Exercise goal:
The job is to output exactly the lines that run from the start of the entries through the line containing "doc.layers.add(name, color=color, linetype=linetype)", pictures omitted.

Task input:
◆ ◆ ◆ ◆

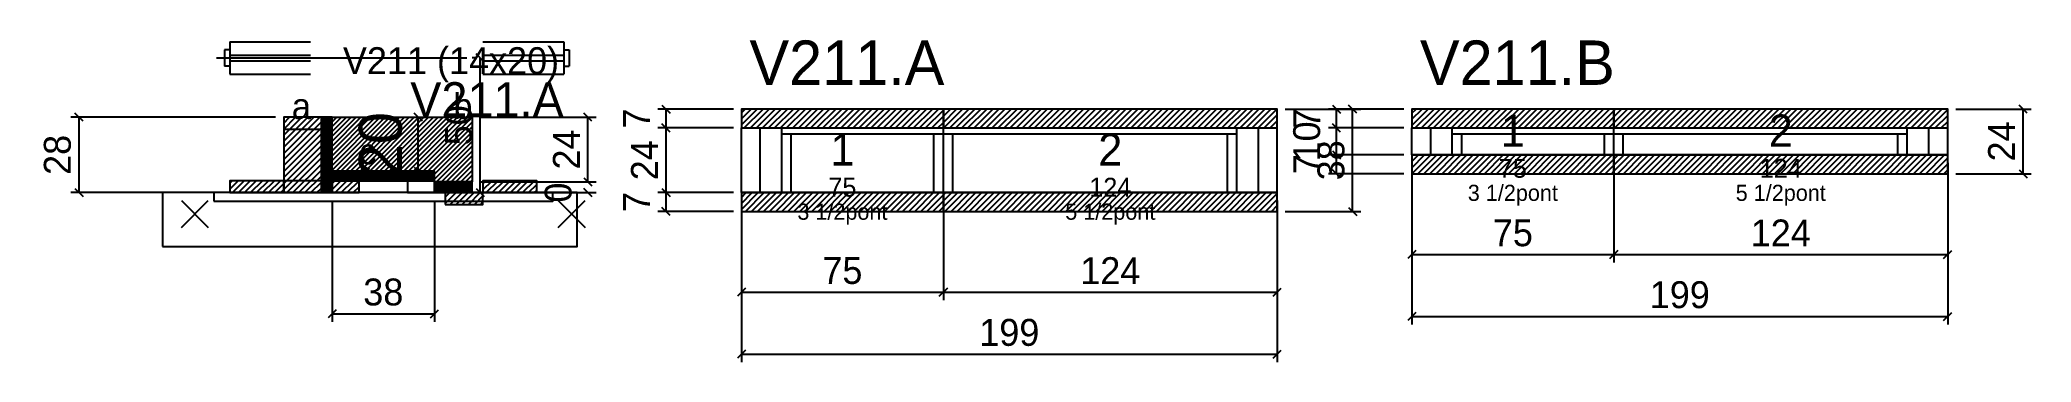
# Model space of a CAD drawing. Extents: x -69 to 671, y -87 to 33.
import ezdxf
from ezdxf.enums import TextEntityAlignment as Align

# ---------------------------------------------------------------- set-up
doc = ezdxf.new("R2010")
doc.units = 0
for name, color, linetype in [('5', 5, 'Continuous'), ('barrote', 126, 'Continuous'), ('CONCRETO', 251, 'Continuous'), ('COTA', 241, 'Continuous'), ('Cota Seção (2x)', 241, 'Continuous'), ('detalhes', 7, 'Continuous'), ('Hachura', 251, 'Continuous'), ('Madeira', 126, 'Continuous'), ('NOMENCLATURA', 7, 'Continuous'), ('Painéis', 200, 'Continuous'), ('presilha', 224, 'Continuous'), ('SARR_2.2x7', 40, 'Continuous'), ('SARR_3.5x7', 81, 'Continuous'), ('SCO-___-LAJ', 224, 'Continuous'), ('TENSOR', 224, 'Continuous'), ('texto', 7, 'Continuous'), ('Texto Seção', 7, 'Continuous')]:
    doc.layers.add(name, color=color, linetype=linetype)
doc.dimstyles.new('PAINEL', dxfattribs={"dimtxt": 10, "dimasz": 3, "dimexe": 3, "dimexo": 3, "dimgap": 3, "dimtad": 1, "dimblk": 'OBLIQUE', "dimblk1": 'OBLIQUE', "dimcen": 2.5, "dimclrd": 4, "dimclre": 4, "dimclrt": 240, "dimazin": 3, "dimtfac": 1, "dimtmove": 0, "dimatfit": 3})
doc.dimstyles.new('SECAO2X', dxfattribs={"dimtxt": 16, "dimasz": 3, "dimexe": 3, "dimexo": 3, "dimgap": 3, "dimtad": 1, "dimblk": 'OBLIQUE', "dimblk1": 'OBLIQUE', "dimcen": 2.5, "dimclrd": 4, "dimclre": 4, "dimclrt": 240, "dimazin": 3, "dimtfac": 1, "dimtmove": 0, "dimatfit": 3})

# ---------------------------------------------------------------- blocks, each defined once
blk = doc.blocks.new('_OBLIQUE')
at = {"color": 0, "linetype": 'BYBLOCK'}
blk.add_line((-0.5, -0.5), (0.5, 0.5), dxfattribs=at)

msp = doc.modelspace()

# ---------------------------------------------------------------- hatches: boundary and pattern name
at = {"layer": 'COTA'}
h = msp.add_hatch(dxfattribs=at)
h.set_pattern_fill('ANSI31', scale=0.4)
h.paths.add_polyline_path([(40, -16), (40, 4), (92, 4), (92, -20), (78, -20), (78, -16)])
h = msp.add_hatch(dxfattribs=at)
h.set_pattern_fill('ANSI31', scale=0.5)
h.paths.add_polyline_path([(192, 0), (267, 0), (267, 7), (192, 7)])
h = msp.add_hatch(dxfattribs=at)
h.set_pattern_fill('ANSI31', scale=0.5)
h.paths.add_polyline_path([(267, 0), (391, 0), (391, 7), (267, 7)])
h = msp.add_hatch(dxfattribs=at)
h.set_pattern_fill('ANSI31', scale=0.5)
h.paths.add_polyline_path([(441, 0), (516, 0), (516, 7), (441, 7)])
h = msp.add_hatch(dxfattribs=at)
h.set_pattern_fill('ANSI31', scale=0.5)
h.paths.add_polyline_path([(516, 0), (640, 0), (640, 7), (516, 7)])
h = msp.add_hatch(dxfattribs=at)
h.set_pattern_fill('ANSI31', scale=0.5)
h.paths.add_polyline_path([(441, -17), (516, -17), (516, -10), (441, -10)])
h = msp.add_hatch(dxfattribs=at)
h.set_pattern_fill('ANSI31', scale=0.5)
h.paths.add_polyline_path([(516, -17), (640, -17), (640, -10), (516, -10)])
h = msp.add_hatch(dxfattribs=at)
h.set_pattern_fill('ANSI31', scale=0.5)
h.paths.add_polyline_path([(192, -31), (267, -31), (267, -24), (192, -24)])
h = msp.add_hatch(dxfattribs=at)
h.set_pattern_fill('ANSI31', scale=0.5)
h.paths.add_polyline_path([(267, -31), (391, -31), (391, -24), (267, -24)])
at = {"layer": 'Hachura'}
h = msp.add_hatch(dxfattribs=at)
h.set_pattern_fill('ANSI31', scale=0.5)
h.paths.add_polyline_path([(22, -24), (36, -24), (36, 4), (22, 4)])
h = msp.add_hatch(dxfattribs=at)
h.set_pattern_fill('ANSI31', scale=0.5)
h.paths.add_polyline_path([(22, -0.4), (36, -0.4), (36, 4), (22, 4)])
h = msp.add_hatch(dxfattribs=at)
h.set_pattern_fill('SOLID')
h.paths.add_polyline_path([(36, -24), (40, -24), (40, 4), (36, 4)])
h = msp.add_hatch(dxfattribs=at)
h.set_pattern_fill('ANSI31', scale=0.5)
h.paths.add_polyline_path([(2, -24), (22, -24), (22, -19.6), (2, -19.6)])
h = msp.add_hatch(dxfattribs=at)
h.set_pattern_fill('SOLID')
h.paths.add_polyline_path([(40, -19.6), (78, -19.6), (78, -16), (40, -16)])
h = msp.add_hatch(dxfattribs=at)
h.set_pattern_fill('ANSI31', scale=0.5)
h.paths.add_polyline_path([(40, -24), (50, -24), (50, -19.6), (40, -19.6)])
h = msp.add_hatch(dxfattribs=at)
h.set_pattern_fill('SOLID')
h.paths.add_polyline_path([(78, -24), (92, -24), (92, -20), (78, -20)])
h = msp.add_hatch(dxfattribs=at)
h.set_pattern_fill('ANSI31', scale=0.5)
h.paths.add_polyline_path([(96, -24), (116, -24), (116, -19.6), (96, -19.6)])
h = msp.add_hatch(dxfattribs=at)
h.set_pattern_fill('SOLID')
h.paths.add_polyline_path([(78, -24), (82, -24), (82, -24), (78, -24)])
h = msp.add_hatch(dxfattribs=at)
h.set_pattern_fill('ANSI31', scale=0.5)
h.paths.add_polyline_path([(82, -24), (96, -24), (96, -24), (82, -24)])
h = msp.add_hatch(dxfattribs=at)
h.set_pattern_fill('ANSI31', scale=0.5)
h.paths.add_polyline_path([(82, -28.4), (96, -28.4), (96, -24), (82, -24)])

# ---------------------------------------------------------------- linework, layer by layer
for p, q in [((2, 32), (32, 32)), ((2, 32), (2, 20)), ((96, 32), (126, 32)), ((126, 32), (126, 20)), ((0, 29), (0, 23)), ((2, 29), (0, 29)), ((2, 23), (0, 23)), ((2, 27), (32, 27)), ((2, 25), (32, 25)), ((96, 27), (126, 27)), ((96, 25), (126, 25)), ((126, 29), (128, 29)), ((126, 23), (128, 23)), ((128, 29), (128, 23)), ((2, 20), (32, 20)), ((96, 20), (126, 20))]:
    msp.add_line(p, q)
at = {"layer": 'barrote'}
msp.add_lwpolyline([(-23, -44), (131, -44), (131, -24), (-23, -24)], close=True, dxfattribs=at)
at = {"layer": 'CONCRETO'}
msp.add_lwpolyline([(40, -16), (40, 4), (92, 4), (92, -20), (78, -20), (78, -16)], close=True, dxfattribs=at)
at = {"layer": 'Madeira'}
for points in [[(22, -24), (36, -24), (36, 4), (22, 4)], [(22, -0.4), (36, -0.4), (36, 4), (22, 4)], [(2, -24), (22, -24), (22, -19.6), (2, -19.6)], [(22, -24), (36, -24), (36, -19.6), (22, -19.6)], [(40, -24), (50, -24), (50, -19.6), (40, -19.6)], [(68, -24), (78, -24), (78, -19.6), (68, -19.6)], [(96, -24), (116, -24), (116, -19.6), (96, -19.6)], [(82, -24), (96, -24), (96, -24), (82, -24)], [(82, -28.4), (96, -28.4), (96, -24), (82, -24)]]:
    msp.add_lwpolyline(points, close=True, dxfattribs=at)
at = {"layer": 'Painéis'}
for p, q in [((192, 0), (267, 0)), ((192, -24), (192, 0)), ((267, -24), (267, 0)), ((267, -24), (267, 0)), ((267, 0), (391, 0)), ((267, -24), (267, 0)), ((391, -24), (391, 0)), ((441, 0), (516, 0)), ((441, -10), (441, 0)), ((516, -10), (516, 0)), ((516, -10), (516, 0)), ((516, 0), (640, 0)), ((516, -10), (516, 0)), ((640, -10), (640, 0)), ((441, -10), (516, -10)), ((516, -10), (640, -10)), ((192, -24), (267, -24)), ((267, -24), (391, -24))]:
    msp.add_line(p, q, dxfattribs=at)
for points in [[(36, -24), (40, -24), (40, 4), (36, 4)], [(40, -19.6), (78, -19.6), (78, -16), (40, -16)], [(78, -24), (92, -24), (92, -20), (78, -20)], [(78, -24), (82, -24), (82, -24), (78, -24)]]:
    msp.add_lwpolyline(points, close=True, dxfattribs=at)
at = {"layer": 'presilha'}
for p, q in [((-16, -37), (-6, -27)), ((-16, -27), (-6, -37)), ((124, -37), (134, -27)), ((124, -27), (134, -37))]:
    msp.add_line(p, q, dxfattribs=at)
at = {"layer": 'SARR_2.2x7'}
for p, q in [((199, -24), (199, 0)), ((384, -24), (384, 0)), ((448, -10), (448, 0)), ((633, -10), (633, 0)), ((207, -2.2), (267, -2.2)), ((267, -2.2), (376, -2.2)), ((456, -2.2), (516, -2.2)), ((516, -2.2), (625, -2.2))]:
    msp.add_line(p, q, dxfattribs=at)
at = {"layer": 'SARR_3.5x7'}
for p, q in [((207, -24), (207, 0)), ((267, -24), (267, 0)), ((267, -24), (267, 0)), ((376, -24), (376, 0)), ((456, -10), (456, 0)), ((516, -10), (516, 0)), ((516, -10), (516, 0)), ((625, -10), (625, 0)), ((210.5, -24), (210.5, -2.2)), ((263.5, -24), (263.5, -2.2)), ((270.5, -24), (270.5, -2.2)), ((372.5, -24), (372.5, -2.2)), ((459.5, -10), (459.5, -2.2)), ((512.5, -10), (512.5, -2.2)), ((519.5, -10), (519.5, -2.2)), ((621.5, -10), (621.5, -2.2)), ((456, -10), (459.5, -10)), ((512.5, -10), (516, -10)), ((516, -10), (519.5, -10)), ((621.5, -10), (625, -10)), ((207, -24), (210.5, -24)), ((263.5, -24), (267, -24)), ((267, -24), (270.5, -24)), ((372.5, -24), (376, -24))]:
    msp.add_line(p, q, dxfattribs=at)
at = {"layer": 'SCO-___-LAJ'}
for points in [[(192, 0), (267, 0), (267, 7), (192, 7)], [(267, 0), (391, 0), (391, 7), (267, 7)], [(441, 0), (516, 0), (516, 7), (441, 7)], [(516, 0), (640, 0), (640, 7), (516, 7)], [(441, -17), (516, -17), (516, -10), (441, -10)], [(516, -17), (640, -17), (640, -10), (516, -10)], [(-4, -27.2), (122, -27.2), (122, -24), (-4, -24)], [(192, -31), (267, -31), (267, -24), (192, -24)], [(267, -31), (391, -31), (391, -24), (267, -24)]]:
    msp.add_lwpolyline(points, close=True, dxfattribs=at)
at = {"layer": 'TENSOR'}
msp.add_line((-3, 26), (90, 26), dxfattribs=at)

# ---------------------------------------------------------------- texts
at = {"layer": '5'}
for s, height, p in [('1', 12, (478.5, -1)), ('2', 12, (578, -1)), ('1', 12, (229.5, -8)), ('2', 12, (329, -8)), ('75', 7, (478.5, -15)), ('124', 7, (578, -15)), ('75', 7, (229.5, -22)), ('124', 7, (329, -22))]:
    msp.add_text(s, height=height, dxfattribs=at).set_placement(p, align=Align.MIDDLE_CENTER)
at = {"layer": 'detalhes'}
for s, p in [('a', (25, 3.3)), ('b', (85, 3.3)), ('c', (50, -13.5))]:
    msp.add_text(s, height=9.6, dxfattribs=at).set_placement(p)
at = {"layer": 'NOMENCLATURA'}
for s, p in [('V211.A', (195, 16)), ('V211.B', (444, 16))]:
    msp.add_text(s, height=16.5, dxfattribs=at).set_placement(p)
at = {"layer": 'texto', "char_height": 6, "attachment_point": 5}
for s, insert in [('3 1/2pont', (478.5, -25)), ('5 1/2pont', (578, -25)), ('3 1/2pont', (229.5, -32)), ('5 1/2pont', (329, -32))]:
    msp.add_mtext(s, dxfattribs=dict(at, insert=insert))
at = {"layer": 'Texto Seção'}
for s, height, p in [('V211 (14x20)', 10, (44, 20)), ('V211.A', 13, (69, 4))]:
    msp.add_text(s, height=height, dxfattribs=at).set_placement(p)

# ---------------------------------------------------------------- dimensions: what is measured, and where the dimension line sits
at = {"layer": 'COTA'}
for base, p1, p2 in [((95, -24), (96, -24), (96, 26)), ((164, 0), (192, 0), (192, 7)), ((419, -31), (391, -31), (391, 7)), ((413, 0), (441, 0), (441, 7)), ((668, -17), (640, -17), (640, 7)), ((-54, -24), (2, -24), (22, 4)), ((135, -20), (92, -20), (92, 4)), ((164, -24), (192, -24), (192, 0)), ((413, -10), (441, -10), (441, 0)), ((413, -17), (441, -17), (441, -10)), ((135, -24), (96, -24), (96, -24)), ((164, -31), (192, -31), (192, -24))]:
    msp.add_linear_dim(base=base, p1=p1, p2=p2, angle=90, dimstyle='PAINEL', dxfattribs=at).render()
for base, p1, p2 in [((441, -47), (441, -10), (516, -10)), ((441, -70), (441, -10), (640, -10)), ((516, -47), (516, -10), (640, -10)), ((40, -69), (40, -24), (78, -24)), ((192, -61), (192, -24), (267, -24)), ((192, -84), (192, -24), (391, -24)), ((267, -61), (267, -24), (391, -24))]:
    msp.add_linear_dim(base=base, p1=p1, p2=p2, dimstyle='PAINEL', dxfattribs=at).render()
at = {"layer": 'Cota Seção (2x)'}
msp.add_linear_dim(base=(72, -16), p1=(40, -16), p2=(40, 4), angle=90, dimstyle='SECAO2X', dxfattribs=at).render()

doc.saveas('drawing.dxf')

◆ ◆ ◆ ◆

Output of the task:
# Model space of a CAD drawing. Extents: x -69 to 671, y -87 to 33.
import ezdxf
from ezdxf.enums import TextEntityAlignment as Align

# ---------------------------------------------------------------- set-up
doc = ezdxf.new("R2010")
doc.units = 0
for name, color, linetype in [('5', 5, 'Continuous'), ('barrote', 126, 'Continuous'), ('CONCRETO', 251, 'Continuous'), ('COTA', 241, 'Continuous'), ('Cota Seção (2x)', 241, 'Continuous'), ('detalhes', 7, 'Continuous'), ('Hachura', 251, 'Continuous'), ('Madeira', 126, 'Continuous'), ('NOMENCLATURA', 7, 'Continuous'), ('Painéis', 200, 'Continuous'), ('presilha', 224, 'Continuous'), ('SARR_2.2x7', 40, 'Continuous'), ('SARR_3.5x7', 81, 'Continuous'), ('SCO-___-LAJ', 224, 'Continuous'), ('TENSOR', 224, 'Continuous'), ('texto', 7, 'Continuous'), ('Texto Seção', 7, 'Continuous')]:
    doc.layers.add(name, color=color, linetype=linetype)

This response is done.